▶ [Your instructions] Lines containing the word "poles" are the ones to copy from the records below.

▶ [Provided records]

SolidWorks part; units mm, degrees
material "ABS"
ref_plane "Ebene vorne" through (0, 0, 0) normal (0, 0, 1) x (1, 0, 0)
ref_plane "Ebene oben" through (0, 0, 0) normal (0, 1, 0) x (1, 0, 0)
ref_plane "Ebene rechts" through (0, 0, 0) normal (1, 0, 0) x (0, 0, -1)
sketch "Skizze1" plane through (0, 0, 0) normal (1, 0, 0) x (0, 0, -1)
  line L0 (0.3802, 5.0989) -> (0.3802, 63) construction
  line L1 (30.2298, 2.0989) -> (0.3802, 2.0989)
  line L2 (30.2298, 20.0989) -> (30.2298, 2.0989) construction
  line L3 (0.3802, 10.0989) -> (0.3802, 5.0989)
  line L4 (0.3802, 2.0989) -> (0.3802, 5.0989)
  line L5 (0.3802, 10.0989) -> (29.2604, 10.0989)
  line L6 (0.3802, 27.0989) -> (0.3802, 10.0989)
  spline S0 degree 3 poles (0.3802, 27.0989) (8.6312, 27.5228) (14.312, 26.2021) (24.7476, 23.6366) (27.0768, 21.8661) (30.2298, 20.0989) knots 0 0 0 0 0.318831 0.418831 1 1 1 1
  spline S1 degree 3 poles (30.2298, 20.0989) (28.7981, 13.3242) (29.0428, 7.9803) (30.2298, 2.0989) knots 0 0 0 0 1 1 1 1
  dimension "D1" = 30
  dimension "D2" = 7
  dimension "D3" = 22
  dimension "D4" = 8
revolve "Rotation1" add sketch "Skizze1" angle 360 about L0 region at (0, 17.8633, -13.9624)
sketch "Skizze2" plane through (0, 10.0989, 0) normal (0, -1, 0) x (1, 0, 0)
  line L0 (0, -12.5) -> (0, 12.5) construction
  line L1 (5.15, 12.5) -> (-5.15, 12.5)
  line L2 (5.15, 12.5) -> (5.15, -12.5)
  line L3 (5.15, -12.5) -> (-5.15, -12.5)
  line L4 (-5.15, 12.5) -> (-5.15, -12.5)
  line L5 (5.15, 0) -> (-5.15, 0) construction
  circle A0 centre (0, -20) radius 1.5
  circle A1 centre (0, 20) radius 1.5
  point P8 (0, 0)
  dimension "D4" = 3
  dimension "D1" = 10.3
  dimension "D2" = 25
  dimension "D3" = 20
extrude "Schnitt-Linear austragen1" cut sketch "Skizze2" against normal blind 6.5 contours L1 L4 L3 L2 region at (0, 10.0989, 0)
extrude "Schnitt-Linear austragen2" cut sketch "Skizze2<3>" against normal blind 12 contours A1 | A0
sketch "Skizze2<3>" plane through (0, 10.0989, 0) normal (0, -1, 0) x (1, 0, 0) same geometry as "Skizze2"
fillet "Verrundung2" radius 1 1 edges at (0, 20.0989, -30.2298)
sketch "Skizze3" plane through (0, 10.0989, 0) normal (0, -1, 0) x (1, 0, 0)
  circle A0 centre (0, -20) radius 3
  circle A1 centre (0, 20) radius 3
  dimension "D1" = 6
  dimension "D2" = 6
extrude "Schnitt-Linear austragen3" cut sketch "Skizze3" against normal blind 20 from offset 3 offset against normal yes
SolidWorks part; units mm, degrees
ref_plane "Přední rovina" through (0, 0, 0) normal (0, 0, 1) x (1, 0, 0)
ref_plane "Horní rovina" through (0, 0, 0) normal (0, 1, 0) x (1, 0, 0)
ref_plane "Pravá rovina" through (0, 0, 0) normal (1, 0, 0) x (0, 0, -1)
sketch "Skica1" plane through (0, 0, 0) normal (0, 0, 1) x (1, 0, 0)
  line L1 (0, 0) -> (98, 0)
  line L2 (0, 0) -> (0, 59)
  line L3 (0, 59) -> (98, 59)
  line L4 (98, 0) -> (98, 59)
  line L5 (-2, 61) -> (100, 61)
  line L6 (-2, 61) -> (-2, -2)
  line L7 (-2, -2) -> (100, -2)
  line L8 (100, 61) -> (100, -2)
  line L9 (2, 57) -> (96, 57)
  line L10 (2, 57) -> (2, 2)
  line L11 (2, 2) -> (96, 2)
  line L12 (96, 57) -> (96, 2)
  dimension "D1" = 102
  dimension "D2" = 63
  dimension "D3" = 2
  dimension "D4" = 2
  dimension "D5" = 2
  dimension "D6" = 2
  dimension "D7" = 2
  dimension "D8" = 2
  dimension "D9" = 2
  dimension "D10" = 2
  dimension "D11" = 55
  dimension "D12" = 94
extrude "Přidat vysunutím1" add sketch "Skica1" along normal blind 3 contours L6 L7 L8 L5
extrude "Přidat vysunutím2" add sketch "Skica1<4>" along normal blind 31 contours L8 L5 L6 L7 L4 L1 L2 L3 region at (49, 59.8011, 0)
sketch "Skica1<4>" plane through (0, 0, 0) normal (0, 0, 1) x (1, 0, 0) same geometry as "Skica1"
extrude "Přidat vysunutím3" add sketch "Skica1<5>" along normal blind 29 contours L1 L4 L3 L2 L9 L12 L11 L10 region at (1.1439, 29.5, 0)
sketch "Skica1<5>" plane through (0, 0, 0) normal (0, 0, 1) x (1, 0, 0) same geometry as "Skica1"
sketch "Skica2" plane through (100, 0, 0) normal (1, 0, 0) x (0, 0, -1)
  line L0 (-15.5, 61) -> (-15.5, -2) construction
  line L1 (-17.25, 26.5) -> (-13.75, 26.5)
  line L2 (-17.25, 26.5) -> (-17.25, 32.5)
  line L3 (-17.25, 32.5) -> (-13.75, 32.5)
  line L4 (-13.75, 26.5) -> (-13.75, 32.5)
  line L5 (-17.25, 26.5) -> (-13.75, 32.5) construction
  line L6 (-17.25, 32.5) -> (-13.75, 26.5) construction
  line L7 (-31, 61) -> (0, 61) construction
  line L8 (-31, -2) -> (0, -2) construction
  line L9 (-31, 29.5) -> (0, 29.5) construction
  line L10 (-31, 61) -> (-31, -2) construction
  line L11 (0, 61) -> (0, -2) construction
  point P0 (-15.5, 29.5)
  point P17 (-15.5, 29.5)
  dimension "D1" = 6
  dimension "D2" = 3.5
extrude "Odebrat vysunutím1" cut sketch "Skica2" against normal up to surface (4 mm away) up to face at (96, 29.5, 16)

▶ [Output of the task]
  spline S0 degree 3 poles (0.3802, 27.0989) (8.6312, 27.5228) (14.312, 26.2021) (24.7476, 23.6366) (27.0768, 21.8661) (30.2298, 20.0989) knots 0 0 0 0 0.318831 0.418831 1 1 1 1
  spline S1 degree 3 poles (30.2298, 20.0989) (28.7981, 13.3242) (29.0428, 7.9803) (30.2298, 2.0989) knots 0 0 0 0 1 1 1 1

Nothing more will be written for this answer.